• Work instruction:
The listing below holds a line with "#152=CARTESIAN_POINT('',(0.,0.,38.));" and a line with "#179=LINE('',#178,#177);". Reproduce those two lines exactly, plus everything between them.

• Records supplied:
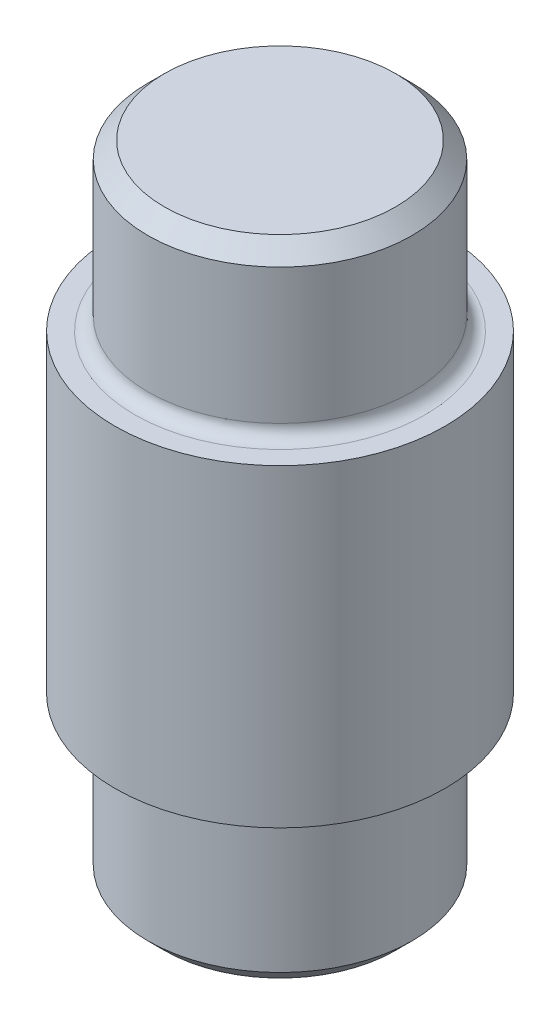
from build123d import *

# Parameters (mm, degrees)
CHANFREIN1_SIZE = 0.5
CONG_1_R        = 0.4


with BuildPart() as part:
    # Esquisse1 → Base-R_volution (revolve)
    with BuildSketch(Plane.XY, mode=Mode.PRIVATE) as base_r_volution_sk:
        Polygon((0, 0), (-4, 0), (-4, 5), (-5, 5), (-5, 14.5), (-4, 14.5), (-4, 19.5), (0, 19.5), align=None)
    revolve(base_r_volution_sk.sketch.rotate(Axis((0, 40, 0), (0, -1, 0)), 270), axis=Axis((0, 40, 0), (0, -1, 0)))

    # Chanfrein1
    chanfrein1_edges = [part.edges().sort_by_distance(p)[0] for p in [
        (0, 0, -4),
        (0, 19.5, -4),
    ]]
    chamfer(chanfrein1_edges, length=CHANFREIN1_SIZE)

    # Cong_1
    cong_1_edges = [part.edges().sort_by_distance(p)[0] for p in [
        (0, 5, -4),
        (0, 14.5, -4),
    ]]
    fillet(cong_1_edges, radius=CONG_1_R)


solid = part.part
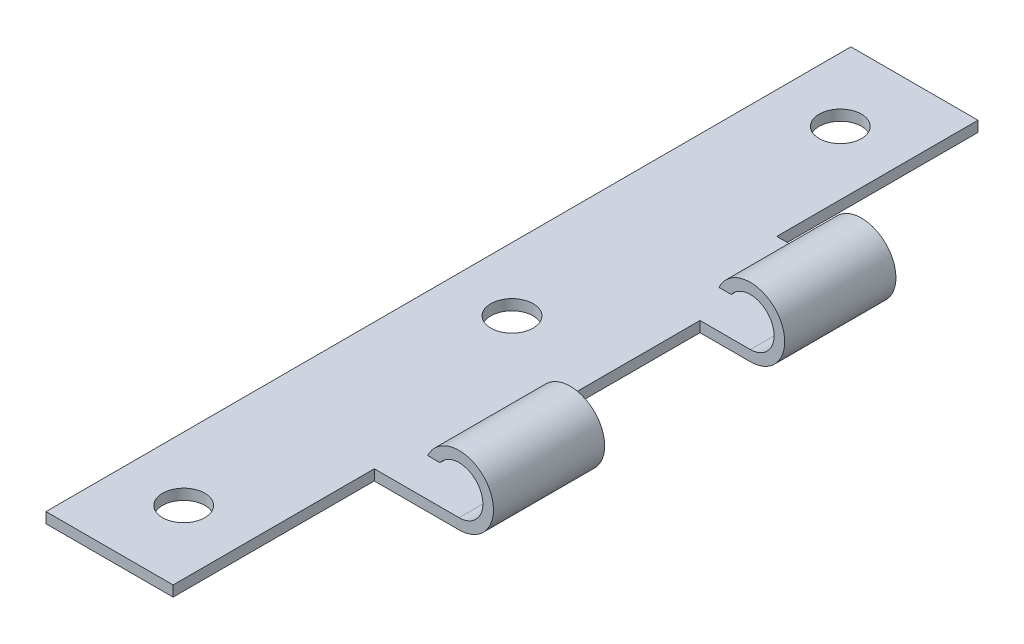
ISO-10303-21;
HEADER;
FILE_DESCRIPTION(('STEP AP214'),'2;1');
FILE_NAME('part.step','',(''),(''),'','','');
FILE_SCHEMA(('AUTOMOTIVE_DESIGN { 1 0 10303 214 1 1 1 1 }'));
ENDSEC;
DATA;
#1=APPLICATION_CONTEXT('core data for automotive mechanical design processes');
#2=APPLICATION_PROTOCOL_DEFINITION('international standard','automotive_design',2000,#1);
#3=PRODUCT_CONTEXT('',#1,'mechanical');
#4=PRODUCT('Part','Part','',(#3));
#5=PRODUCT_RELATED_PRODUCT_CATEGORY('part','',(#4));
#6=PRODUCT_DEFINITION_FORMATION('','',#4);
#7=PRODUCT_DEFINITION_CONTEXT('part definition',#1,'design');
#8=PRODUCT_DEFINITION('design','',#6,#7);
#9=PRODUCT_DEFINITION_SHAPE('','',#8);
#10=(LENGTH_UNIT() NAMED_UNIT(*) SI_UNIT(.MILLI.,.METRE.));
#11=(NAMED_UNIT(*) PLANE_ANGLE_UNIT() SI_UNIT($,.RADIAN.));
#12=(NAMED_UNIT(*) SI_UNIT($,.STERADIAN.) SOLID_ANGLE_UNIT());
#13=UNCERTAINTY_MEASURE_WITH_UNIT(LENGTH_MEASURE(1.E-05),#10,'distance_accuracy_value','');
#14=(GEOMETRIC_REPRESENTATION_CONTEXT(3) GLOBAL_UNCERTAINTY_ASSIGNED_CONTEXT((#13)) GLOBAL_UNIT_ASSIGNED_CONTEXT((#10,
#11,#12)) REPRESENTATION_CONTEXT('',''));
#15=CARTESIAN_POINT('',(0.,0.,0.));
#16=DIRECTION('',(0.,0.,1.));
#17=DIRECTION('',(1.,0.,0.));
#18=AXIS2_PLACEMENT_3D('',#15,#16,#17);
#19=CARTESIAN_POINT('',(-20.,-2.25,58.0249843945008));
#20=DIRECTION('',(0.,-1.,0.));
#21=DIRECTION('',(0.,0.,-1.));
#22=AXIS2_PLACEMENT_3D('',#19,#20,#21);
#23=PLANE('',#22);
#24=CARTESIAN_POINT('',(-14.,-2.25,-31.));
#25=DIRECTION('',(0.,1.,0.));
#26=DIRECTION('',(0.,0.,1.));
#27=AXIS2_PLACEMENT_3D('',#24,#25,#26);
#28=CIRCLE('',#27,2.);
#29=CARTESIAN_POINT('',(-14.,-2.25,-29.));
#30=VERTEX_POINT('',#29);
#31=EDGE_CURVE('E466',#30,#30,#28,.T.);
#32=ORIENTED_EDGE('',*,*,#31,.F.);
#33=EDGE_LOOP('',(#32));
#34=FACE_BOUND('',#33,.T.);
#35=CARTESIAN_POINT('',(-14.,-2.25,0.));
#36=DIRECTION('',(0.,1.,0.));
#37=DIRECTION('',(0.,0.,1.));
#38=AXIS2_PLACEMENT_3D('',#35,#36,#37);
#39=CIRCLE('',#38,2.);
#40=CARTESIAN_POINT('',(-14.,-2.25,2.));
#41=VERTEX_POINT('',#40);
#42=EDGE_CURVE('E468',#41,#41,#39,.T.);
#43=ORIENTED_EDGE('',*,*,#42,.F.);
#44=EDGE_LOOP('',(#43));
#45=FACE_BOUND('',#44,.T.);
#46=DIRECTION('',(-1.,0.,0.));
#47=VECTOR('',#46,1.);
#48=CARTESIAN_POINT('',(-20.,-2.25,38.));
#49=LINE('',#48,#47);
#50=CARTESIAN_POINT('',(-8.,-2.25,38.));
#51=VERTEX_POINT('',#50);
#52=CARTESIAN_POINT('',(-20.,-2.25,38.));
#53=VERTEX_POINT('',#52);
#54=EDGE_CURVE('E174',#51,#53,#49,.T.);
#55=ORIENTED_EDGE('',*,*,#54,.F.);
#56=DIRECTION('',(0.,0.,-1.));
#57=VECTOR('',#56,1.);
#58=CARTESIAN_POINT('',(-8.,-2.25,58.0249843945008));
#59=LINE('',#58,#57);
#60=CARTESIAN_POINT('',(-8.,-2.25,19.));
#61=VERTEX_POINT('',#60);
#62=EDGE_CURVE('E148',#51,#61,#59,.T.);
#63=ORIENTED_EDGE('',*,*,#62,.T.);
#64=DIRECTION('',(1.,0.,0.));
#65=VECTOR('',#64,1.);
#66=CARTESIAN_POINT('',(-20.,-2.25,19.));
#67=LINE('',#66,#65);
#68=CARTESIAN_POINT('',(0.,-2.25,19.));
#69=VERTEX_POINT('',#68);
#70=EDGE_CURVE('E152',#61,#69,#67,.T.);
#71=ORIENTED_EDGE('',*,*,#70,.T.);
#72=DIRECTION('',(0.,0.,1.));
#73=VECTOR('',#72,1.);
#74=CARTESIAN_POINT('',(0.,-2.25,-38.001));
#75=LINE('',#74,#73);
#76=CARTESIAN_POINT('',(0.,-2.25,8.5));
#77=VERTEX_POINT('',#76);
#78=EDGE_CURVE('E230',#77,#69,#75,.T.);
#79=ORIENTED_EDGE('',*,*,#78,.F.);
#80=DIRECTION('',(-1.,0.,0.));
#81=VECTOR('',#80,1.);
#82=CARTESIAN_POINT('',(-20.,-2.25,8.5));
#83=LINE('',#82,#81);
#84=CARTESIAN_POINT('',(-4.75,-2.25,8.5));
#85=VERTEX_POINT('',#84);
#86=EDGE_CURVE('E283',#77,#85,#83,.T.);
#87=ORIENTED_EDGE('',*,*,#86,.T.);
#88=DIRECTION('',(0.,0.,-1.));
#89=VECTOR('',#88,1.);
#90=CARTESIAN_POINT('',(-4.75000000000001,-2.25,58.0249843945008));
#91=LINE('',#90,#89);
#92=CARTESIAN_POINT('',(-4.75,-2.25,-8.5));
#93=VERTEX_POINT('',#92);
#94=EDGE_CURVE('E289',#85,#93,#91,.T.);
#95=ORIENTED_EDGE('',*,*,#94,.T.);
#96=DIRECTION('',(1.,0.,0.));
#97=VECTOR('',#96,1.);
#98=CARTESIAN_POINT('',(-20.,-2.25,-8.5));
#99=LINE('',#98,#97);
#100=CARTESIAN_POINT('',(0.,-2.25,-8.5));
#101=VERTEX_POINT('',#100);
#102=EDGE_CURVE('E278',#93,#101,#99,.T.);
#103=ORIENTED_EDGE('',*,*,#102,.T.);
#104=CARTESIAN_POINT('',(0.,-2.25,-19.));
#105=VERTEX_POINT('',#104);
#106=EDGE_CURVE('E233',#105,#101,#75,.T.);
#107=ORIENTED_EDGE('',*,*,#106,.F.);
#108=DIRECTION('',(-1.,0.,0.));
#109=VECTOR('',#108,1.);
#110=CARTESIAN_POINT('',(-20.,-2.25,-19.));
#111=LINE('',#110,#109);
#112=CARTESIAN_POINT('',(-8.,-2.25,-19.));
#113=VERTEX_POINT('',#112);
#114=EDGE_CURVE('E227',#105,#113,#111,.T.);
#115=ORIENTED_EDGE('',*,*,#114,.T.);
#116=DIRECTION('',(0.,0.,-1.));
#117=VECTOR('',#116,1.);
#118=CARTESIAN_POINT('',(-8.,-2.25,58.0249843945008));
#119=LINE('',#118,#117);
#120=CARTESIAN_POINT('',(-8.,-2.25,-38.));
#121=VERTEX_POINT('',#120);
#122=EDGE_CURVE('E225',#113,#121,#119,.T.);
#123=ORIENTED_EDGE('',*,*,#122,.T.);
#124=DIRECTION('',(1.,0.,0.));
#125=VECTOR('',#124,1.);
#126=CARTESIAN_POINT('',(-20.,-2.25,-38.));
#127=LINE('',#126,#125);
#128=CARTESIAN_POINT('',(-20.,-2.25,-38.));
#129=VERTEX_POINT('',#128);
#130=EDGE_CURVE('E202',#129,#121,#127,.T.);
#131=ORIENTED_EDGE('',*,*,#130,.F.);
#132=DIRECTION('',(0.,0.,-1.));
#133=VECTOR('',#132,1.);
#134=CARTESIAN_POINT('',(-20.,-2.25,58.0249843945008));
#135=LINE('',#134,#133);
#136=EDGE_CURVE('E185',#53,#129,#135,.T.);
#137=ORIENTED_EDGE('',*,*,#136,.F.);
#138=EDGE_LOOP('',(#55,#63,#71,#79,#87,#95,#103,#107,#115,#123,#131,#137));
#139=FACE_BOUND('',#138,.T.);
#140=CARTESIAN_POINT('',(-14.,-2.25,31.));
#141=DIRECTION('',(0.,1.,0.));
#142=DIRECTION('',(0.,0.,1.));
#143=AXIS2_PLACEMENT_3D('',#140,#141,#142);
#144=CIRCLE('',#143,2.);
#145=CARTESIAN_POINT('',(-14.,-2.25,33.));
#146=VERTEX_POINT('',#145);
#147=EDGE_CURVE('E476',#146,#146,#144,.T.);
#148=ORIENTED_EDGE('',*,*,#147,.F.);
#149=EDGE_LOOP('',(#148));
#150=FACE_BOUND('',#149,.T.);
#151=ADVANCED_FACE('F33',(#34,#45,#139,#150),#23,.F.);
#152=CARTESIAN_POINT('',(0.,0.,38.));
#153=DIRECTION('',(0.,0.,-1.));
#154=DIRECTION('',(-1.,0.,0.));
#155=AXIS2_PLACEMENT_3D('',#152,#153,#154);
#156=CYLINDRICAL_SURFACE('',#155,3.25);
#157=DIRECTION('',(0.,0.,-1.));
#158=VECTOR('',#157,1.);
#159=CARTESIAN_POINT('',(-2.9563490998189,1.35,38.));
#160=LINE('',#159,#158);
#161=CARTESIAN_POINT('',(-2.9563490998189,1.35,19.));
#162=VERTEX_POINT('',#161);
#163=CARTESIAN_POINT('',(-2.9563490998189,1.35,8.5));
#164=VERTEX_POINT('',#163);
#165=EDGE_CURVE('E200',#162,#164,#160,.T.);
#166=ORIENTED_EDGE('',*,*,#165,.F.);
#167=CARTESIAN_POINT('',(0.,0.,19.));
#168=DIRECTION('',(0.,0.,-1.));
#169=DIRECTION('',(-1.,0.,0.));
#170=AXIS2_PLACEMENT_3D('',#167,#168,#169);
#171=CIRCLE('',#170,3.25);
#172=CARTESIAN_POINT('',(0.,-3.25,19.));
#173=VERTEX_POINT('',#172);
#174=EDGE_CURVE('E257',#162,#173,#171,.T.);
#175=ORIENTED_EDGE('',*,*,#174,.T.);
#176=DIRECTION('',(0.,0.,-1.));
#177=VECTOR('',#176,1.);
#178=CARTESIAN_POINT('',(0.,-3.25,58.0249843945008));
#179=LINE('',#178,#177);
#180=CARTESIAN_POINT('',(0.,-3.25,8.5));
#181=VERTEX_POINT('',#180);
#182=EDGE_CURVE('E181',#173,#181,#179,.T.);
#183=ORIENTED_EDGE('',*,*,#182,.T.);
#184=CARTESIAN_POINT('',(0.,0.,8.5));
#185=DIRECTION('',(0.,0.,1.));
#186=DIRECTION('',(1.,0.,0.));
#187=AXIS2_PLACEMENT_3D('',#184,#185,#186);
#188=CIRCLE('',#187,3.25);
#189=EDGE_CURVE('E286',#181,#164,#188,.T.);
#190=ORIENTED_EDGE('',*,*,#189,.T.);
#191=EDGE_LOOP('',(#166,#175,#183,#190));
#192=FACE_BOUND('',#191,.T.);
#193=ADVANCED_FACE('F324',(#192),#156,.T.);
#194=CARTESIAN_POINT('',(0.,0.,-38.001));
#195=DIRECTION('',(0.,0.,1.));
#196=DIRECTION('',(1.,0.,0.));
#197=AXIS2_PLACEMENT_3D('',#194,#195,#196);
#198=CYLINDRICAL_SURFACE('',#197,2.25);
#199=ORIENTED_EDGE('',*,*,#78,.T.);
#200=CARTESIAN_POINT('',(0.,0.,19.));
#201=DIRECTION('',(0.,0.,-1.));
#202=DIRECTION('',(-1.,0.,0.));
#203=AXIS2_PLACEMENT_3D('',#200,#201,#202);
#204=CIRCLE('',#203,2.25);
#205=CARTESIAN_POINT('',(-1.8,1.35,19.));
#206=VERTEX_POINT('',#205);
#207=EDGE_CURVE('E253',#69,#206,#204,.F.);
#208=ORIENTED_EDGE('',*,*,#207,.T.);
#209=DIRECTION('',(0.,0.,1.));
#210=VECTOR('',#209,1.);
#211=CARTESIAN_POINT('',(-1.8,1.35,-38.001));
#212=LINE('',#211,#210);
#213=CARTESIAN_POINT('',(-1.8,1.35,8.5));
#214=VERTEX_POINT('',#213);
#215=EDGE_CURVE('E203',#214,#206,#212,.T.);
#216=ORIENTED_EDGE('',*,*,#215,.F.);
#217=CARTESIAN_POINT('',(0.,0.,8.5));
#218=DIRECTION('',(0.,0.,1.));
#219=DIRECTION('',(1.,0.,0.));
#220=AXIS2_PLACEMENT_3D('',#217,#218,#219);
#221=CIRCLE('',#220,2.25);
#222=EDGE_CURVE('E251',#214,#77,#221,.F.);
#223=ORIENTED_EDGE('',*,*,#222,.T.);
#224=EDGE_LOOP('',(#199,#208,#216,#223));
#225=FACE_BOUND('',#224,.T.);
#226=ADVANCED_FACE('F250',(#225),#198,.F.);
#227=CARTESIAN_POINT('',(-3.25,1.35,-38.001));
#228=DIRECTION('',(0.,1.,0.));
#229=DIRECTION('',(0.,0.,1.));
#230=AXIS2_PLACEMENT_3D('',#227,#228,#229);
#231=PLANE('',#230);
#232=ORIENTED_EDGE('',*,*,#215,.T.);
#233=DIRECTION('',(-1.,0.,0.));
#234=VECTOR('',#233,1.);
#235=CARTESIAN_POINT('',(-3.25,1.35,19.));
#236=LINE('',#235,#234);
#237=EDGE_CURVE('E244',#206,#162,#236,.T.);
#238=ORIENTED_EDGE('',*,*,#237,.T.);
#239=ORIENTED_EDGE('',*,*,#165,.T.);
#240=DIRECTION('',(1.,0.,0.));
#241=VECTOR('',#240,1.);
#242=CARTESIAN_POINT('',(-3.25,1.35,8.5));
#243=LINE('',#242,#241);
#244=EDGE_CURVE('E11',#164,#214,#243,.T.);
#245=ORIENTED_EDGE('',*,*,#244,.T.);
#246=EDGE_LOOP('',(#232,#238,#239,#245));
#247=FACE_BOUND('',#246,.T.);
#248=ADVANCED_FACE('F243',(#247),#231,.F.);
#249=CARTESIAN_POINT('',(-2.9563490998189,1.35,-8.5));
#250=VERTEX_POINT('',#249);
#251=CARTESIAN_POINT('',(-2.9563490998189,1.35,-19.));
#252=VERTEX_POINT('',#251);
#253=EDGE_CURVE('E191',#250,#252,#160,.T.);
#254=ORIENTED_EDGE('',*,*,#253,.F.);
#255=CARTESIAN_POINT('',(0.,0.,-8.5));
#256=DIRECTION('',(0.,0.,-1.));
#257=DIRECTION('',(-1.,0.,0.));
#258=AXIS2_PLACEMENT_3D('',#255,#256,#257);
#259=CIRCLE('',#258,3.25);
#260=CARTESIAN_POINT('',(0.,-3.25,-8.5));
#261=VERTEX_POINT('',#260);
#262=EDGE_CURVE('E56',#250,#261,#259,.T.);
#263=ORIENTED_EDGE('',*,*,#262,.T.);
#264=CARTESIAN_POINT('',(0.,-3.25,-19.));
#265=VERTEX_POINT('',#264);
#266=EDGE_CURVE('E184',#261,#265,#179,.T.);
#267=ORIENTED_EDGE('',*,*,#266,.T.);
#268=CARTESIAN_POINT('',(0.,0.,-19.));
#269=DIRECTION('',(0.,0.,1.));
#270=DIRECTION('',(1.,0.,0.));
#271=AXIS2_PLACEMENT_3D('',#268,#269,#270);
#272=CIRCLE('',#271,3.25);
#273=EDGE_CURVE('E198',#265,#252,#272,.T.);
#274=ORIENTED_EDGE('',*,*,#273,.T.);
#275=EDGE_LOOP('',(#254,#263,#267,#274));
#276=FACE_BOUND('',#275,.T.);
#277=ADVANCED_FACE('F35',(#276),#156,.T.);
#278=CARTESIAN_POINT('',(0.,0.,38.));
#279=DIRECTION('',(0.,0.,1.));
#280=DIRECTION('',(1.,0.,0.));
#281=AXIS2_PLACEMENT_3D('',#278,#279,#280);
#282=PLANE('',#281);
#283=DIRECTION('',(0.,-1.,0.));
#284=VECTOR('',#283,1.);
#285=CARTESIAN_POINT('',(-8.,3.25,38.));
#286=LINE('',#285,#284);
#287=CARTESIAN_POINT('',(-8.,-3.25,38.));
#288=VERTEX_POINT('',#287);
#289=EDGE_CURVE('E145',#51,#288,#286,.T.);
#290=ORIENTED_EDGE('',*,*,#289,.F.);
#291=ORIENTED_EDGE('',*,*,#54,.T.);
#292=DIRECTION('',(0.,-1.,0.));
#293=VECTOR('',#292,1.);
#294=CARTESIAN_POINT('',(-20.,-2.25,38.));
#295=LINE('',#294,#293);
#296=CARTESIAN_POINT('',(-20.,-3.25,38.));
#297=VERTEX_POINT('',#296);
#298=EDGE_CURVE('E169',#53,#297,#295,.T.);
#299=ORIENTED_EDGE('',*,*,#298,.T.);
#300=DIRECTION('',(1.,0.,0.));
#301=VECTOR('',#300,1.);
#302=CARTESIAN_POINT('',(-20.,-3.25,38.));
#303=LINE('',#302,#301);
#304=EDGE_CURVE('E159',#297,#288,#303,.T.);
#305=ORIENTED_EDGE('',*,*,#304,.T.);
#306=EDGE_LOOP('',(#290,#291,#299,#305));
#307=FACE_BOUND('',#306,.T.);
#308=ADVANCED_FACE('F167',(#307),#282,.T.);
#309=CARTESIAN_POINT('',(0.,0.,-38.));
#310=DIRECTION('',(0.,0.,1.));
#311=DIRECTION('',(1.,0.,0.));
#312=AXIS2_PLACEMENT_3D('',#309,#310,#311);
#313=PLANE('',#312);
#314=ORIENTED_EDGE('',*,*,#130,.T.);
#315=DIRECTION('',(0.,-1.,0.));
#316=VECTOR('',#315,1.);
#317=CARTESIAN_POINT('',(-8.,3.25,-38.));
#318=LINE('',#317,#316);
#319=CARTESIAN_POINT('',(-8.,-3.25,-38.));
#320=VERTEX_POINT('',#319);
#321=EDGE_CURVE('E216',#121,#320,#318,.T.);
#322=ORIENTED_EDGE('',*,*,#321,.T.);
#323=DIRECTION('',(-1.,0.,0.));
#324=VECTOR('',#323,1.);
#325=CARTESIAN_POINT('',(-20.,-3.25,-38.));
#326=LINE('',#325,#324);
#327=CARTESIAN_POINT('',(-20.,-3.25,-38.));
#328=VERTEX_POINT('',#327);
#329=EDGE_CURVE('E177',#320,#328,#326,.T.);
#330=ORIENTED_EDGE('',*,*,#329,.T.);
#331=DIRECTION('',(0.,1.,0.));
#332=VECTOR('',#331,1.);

• Answer to the problem:
#152=CARTESIAN_POINT('',(0.,0.,38.));
#153=DIRECTION('',(0.,0.,-1.));
#154=DIRECTION('',(-1.,0.,0.));
#155=AXIS2_PLACEMENT_3D('',#152,#153,#154);
#156=CYLINDRICAL_SURFACE('',#155,3.25);
#157=DIRECTION('',(0.,0.,-1.));
#158=VECTOR('',#157,1.);
#159=CARTESIAN_POINT('',(-2.9563490998189,1.35,38.));
#160=LINE('',#159,#158);
#161=CARTESIAN_POINT('',(-2.9563490998189,1.35,19.));
#162=VERTEX_POINT('',#161);
#163=CARTESIAN_POINT('',(-2.9563490998189,1.35,8.5));
#164=VERTEX_POINT('',#163);
#165=EDGE_CURVE('E200',#162,#164,#160,.T.);
#166=ORIENTED_EDGE('',*,*,#165,.F.);
#167=CARTESIAN_POINT('',(0.,0.,19.));
#168=DIRECTION('',(0.,0.,-1.));
#169=DIRECTION('',(-1.,0.,0.));
#170=AXIS2_PLACEMENT_3D('',#167,#168,#169);
#171=CIRCLE('',#170,3.25);
#172=CARTESIAN_POINT('',(0.,-3.25,19.));
#173=VERTEX_POINT('',#172);
#174=EDGE_CURVE('E257',#162,#173,#171,.T.);
#175=ORIENTED_EDGE('',*,*,#174,.T.);
#176=DIRECTION('',(0.,0.,-1.));
#177=VECTOR('',#176,1.);
#178=CARTESIAN_POINT('',(0.,-3.25,58.0249843945008));
#179=LINE('',#178,#177);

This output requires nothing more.